# Buddy’s Pedal Fest



## mazdaflyer (Sep 6, 2018)

Sent from my iPhone using Tapatalk


----------



## Freqman1 (Sep 7, 2018)

mazdaflyer said:


> View attachment 864968
> 
> 
> Sent from my iPhone using Tapatalk



What state/city? V/r Shawn


----------



## tripple3 (Sep 7, 2018)

Freqman1 said:


> What state/city? V/r Shawn



I found this:
BUDDY'S PEDAL FEST·THURSDAY,
This year the Buddy Pedal Fest will again include a Vintage Bicycle Show, a Swap Meet.

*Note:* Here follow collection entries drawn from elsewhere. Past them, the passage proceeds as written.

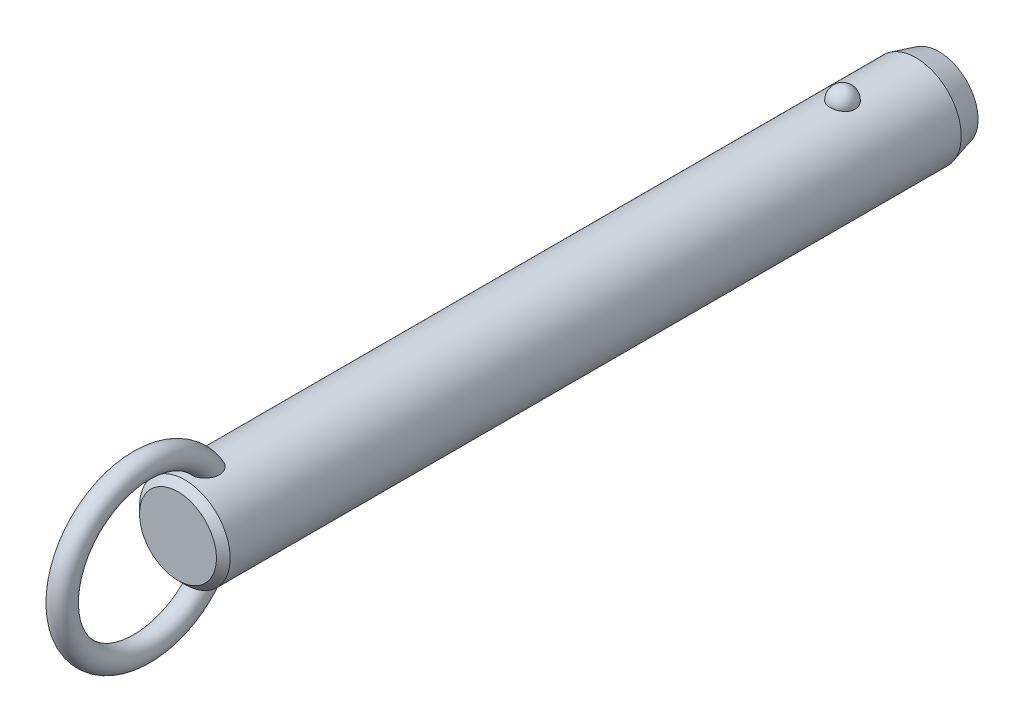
ISO-10303-21;
HEADER;
FILE_DESCRIPTION(('STEP AP214'),'2;1');
FILE_NAME('part.step','',(''),(''),'','','');
FILE_SCHEMA(('AUTOMOTIVE_DESIGN { 1 0 10303 214 1 1 1 1 }'));
ENDSEC;
DATA;
#1=APPLICATION_CONTEXT('core data for automotive mechanical design processes');
#2=APPLICATION_PROTOCOL_DEFINITION('international standard','automotive_design',2000,#1);
#3=PRODUCT_CONTEXT('',#1,'mechanical');
#4=PRODUCT('Part','Part','',(#3));
#5=PRODUCT_RELATED_PRODUCT_CATEGORY('part','',(#4));
#6=PRODUCT_DEFINITION_FORMATION('','',#4);
#7=PRODUCT_DEFINITION_CONTEXT('part definition',#1,'design');
#8=PRODUCT_DEFINITION('design','',#6,#7);
#9=PRODUCT_DEFINITION_SHAPE('','',#8);
#10=(LENGTH_UNIT() NAMED_UNIT(*) SI_UNIT(.MILLI.,.METRE.));
#11=(NAMED_UNIT(*) PLANE_ANGLE_UNIT() SI_UNIT($,.RADIAN.));
#12=(NAMED_UNIT(*) SI_UNIT($,.STERADIAN.) SOLID_ANGLE_UNIT());
#13=UNCERTAINTY_MEASURE_WITH_UNIT(LENGTH_MEASURE(1.E-05),#10,'distance_accuracy_value','');
#14=(GEOMETRIC_REPRESENTATION_CONTEXT(3) GLOBAL_UNCERTAINTY_ASSIGNED_CONTEXT((#13)) GLOBAL_UNIT_ASSIGNED_CONTEXT((#10,
#11,#12)) REPRESENTATION_CONTEXT('',''));
#15=CARTESIAN_POINT('',(0.,0.,0.));
#16=DIRECTION('',(0.,0.,1.));
#17=DIRECTION('',(1.,0.,0.));
#18=AXIS2_PLACEMENT_3D('',#15,#16,#17);
#19=CARTESIAN_POINT('',(0.,0.,104.1));
#20=DIRECTION('',(0.,0.,-1.));
#21=DIRECTION('',(-1.,0.,0.));
#22=AXIS2_PLACEMENT_3D('',#19,#20,#21);
#23=CYLINDRICAL_SURFACE('',#22,7.9);
#24=CARTESIAN_POINT('',(2.1785689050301,7.59367088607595,-2.19999999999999));
#25=CARTESIAN_POINT('',(2.17856679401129,7.59367269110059,-2.07701843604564));
#26=CARTESIAN_POINT('',(2.16853481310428,7.59657145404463,-1.95401006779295));
#27=CARTESIAN_POINT('',(2.12864689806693,7.607843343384,-1.71147811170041));
#28=CARTESIAN_POINT('',(2.09878338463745,7.61621856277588,-1.59195587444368));
#29=CARTESIAN_POINT('',(2.0199931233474,7.63749180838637,-1.3598563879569));
#30=CARTESIAN_POINT('',(1.97107475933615,7.6503878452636,-1.24727610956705));
#31=CARTESIAN_POINT('',(1.85539377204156,7.67926115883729,-1.03213234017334));
#32=CARTESIAN_POINT('',(1.78863158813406,7.69523835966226,-0.929568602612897));
#33=CARTESIAN_POINT('',(1.63856494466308,7.7285848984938,-0.736786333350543));
#34=CARTESIAN_POINT('',(1.55518140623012,7.7459606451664,-0.646630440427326));
#35=CARTESIAN_POINT('',(1.37422937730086,7.78009978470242,-0.481747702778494));
#36=CARTESIAN_POINT('',(1.27666086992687,7.79686317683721,-0.407020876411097));
#37=CARTESIAN_POINT('',(1.07024728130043,7.82786153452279,-0.275278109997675));
#38=CARTESIAN_POINT('',(0.961434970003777,7.84210353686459,-0.218212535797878));
#39=CARTESIAN_POINT('',(0.735351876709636,7.86652194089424,-0.123146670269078));
#40=CARTESIAN_POINT('',(0.618082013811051,7.87669878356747,-0.085144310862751));
#41=CARTESIAN_POINT('',(0.380637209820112,7.89170521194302,-0.0298158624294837));
#42=CARTESIAN_POINT('',(0.260550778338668,7.89662650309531,-0.0121347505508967));
#43=CARTESIAN_POINT('',(0.0190117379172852,7.90090003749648,0.00324379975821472));
#44=CARTESIAN_POINT('',(-0.102440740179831,7.90025280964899,0.00094313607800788));
#45=CARTESIAN_POINT('',(-0.341452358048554,7.89351056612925,-0.0233955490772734));
#46=CARTESIAN_POINT('',(-0.459042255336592,7.88749257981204,-0.0451545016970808));
#47=CARTESIAN_POINT('',(-0.688796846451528,7.87075812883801,-0.107408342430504));
#48=CARTESIAN_POINT('',(-0.800961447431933,7.86004158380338,-0.147903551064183));
#49=CARTESIAN_POINT('',(-1.01743634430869,7.83497131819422,-0.246799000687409));
#50=CARTESIAN_POINT('',(-1.12169791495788,7.82059709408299,-0.305300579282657));
#51=CARTESIAN_POINT('',(-1.31891765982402,7.78976470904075,-0.438549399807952));
#52=CARTESIAN_POINT('',(-1.41187469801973,7.77330633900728,-0.513298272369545));
#53=CARTESIAN_POINT('',(-1.58577142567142,7.73972434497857,-0.678622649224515));
#54=CARTESIAN_POINT('',(-1.66645140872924,7.72259402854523,-0.769470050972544));
#55=CARTESIAN_POINT('',(-1.81161503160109,7.68983776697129,-0.963538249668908));
#56=CARTESIAN_POINT('',(-1.87609753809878,7.6742119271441,-1.06675991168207));
#57=CARTESIAN_POINT('',(-1.98790138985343,7.6460202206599,-1.28401170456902));
#58=CARTESIAN_POINT('',(-2.03501994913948,7.63349104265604,-1.39815107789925));
#59=CARTESIAN_POINT('',(-2.10986724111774,7.6131449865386,-1.63301784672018));
#60=CARTESIAN_POINT('',(-2.1375965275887,7.60532797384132,-1.75374505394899));
#61=CARTESIAN_POINT('',(-2.17289256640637,7.5953195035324,-1.99782562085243));
#62=CARTESIAN_POINT('',(-2.18054294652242,7.59310471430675,-2.12116592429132));
#63=CARTESIAN_POINT('',(-2.17572919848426,7.59448538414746,-2.36741799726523));
#64=CARTESIAN_POINT('',(-2.1632656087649,7.59808068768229,-2.49032977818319));
#65=CARTESIAN_POINT('',(-2.11865035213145,7.61064035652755,-2.73161015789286));
#66=CARTESIAN_POINT('',(-2.08659579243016,7.61957823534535,-2.84999812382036));
#67=CARTESIAN_POINT('',(-2.00367799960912,7.64179982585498,-3.07955956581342));
#68=CARTESIAN_POINT('',(-1.9528140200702,7.65508371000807,-3.19073275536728));
#69=CARTESIAN_POINT('',(-1.83321113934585,7.68460381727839,-3.40337899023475));
#70=CARTESIAN_POINT('',(-1.76437735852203,7.70085556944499,-3.50479651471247));
#71=CARTESIAN_POINT('',(-1.61069526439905,7.73445734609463,-3.69446912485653));
#72=CARTESIAN_POINT('',(-1.52584634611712,7.75180741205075,-3.78272371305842));
#73=CARTESIAN_POINT('',(-1.34198059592,7.78574608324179,-3.94393987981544));
#74=CARTESIAN_POINT('',(-1.24291308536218,7.80233167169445,-4.01684434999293));
#75=CARTESIAN_POINT('',(-1.03352039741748,7.83281625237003,-4.14489386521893));
#76=CARTESIAN_POINT('',(-0.92319600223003,7.84671543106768,-4.20004014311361));
#77=CARTESIAN_POINT('',(-0.695822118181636,7.87011575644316,-4.29042017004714));
#78=CARTESIAN_POINT('',(-0.578872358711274,7.87966903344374,-4.32589112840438));
#79=CARTESIAN_POINT('',(-0.340410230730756,7.8935652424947,-4.37692226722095));
#80=CARTESIAN_POINT('',(-0.218898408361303,7.89790879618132,-4.39248482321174));
#81=CARTESIAN_POINT('',(0.0228107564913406,7.90087453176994,-4.40314405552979));
#82=CARTESIAN_POINT('',(0.142990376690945,7.89960185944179,-4.39861683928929));
#83=CARTESIAN_POINT('',(0.380829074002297,7.89171262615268,-4.37008293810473));
#84=CARTESIAN_POINT('',(0.498488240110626,7.8850962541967,-4.34607694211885));
#85=CARTESIAN_POINT('',(0.727535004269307,7.86726442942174,-4.27939317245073));
#86=CARTESIAN_POINT('',(0.838944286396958,7.85606616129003,-4.236785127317));
#87=CARTESIAN_POINT('',(1.05295421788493,7.83025654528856,-4.13408348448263));
#88=CARTESIAN_POINT('',(1.15555431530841,7.81564498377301,-4.07398879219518));
#89=CARTESIAN_POINT('',(1.35076763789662,7.7843022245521,-3.93687432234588));
#90=CARTESIAN_POINT('',(1.4432046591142,7.76754209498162,-3.85961036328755));
#91=CARTESIAN_POINT('',(1.6139111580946,7.73387857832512,-3.69076949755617));
#92=CARTESIAN_POINT('',(1.6921781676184,7.71697516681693,-3.59919010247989));
#93=CARTESIAN_POINT('',(1.83380875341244,7.6845643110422,-3.40247278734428));
#94=CARTESIAN_POINT('',(1.89689280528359,7.66908588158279,-3.29712873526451));
#95=CARTESIAN_POINT('',(2.0047823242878,7.64159441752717,-3.07707931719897));
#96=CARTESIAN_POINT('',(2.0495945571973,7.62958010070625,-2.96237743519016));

And a pub crawl style ride following the Show and Swap w/Live music. Sept. 15th 2018 at the Historic Train Depot, Retro on the Rails, 100 Wyoming St. Pleasant Hill, MO.


----------



## mazdaflyer (Sep 7, 2018)

Freqman1 said:


> What state/city? V/r Shawn




Pleasant Hill, MO a little southeast of Kansas City, MO.


----------



## oldfart36 (Sep 14, 2018)

A great time and Good People Buckaroos!


----------



## oldfart36 (Sep 14, 2018)

The old depot.


----------



## rollfaster (Sep 14, 2018)

Would like to attend some day. Great bunch of guys!!


----------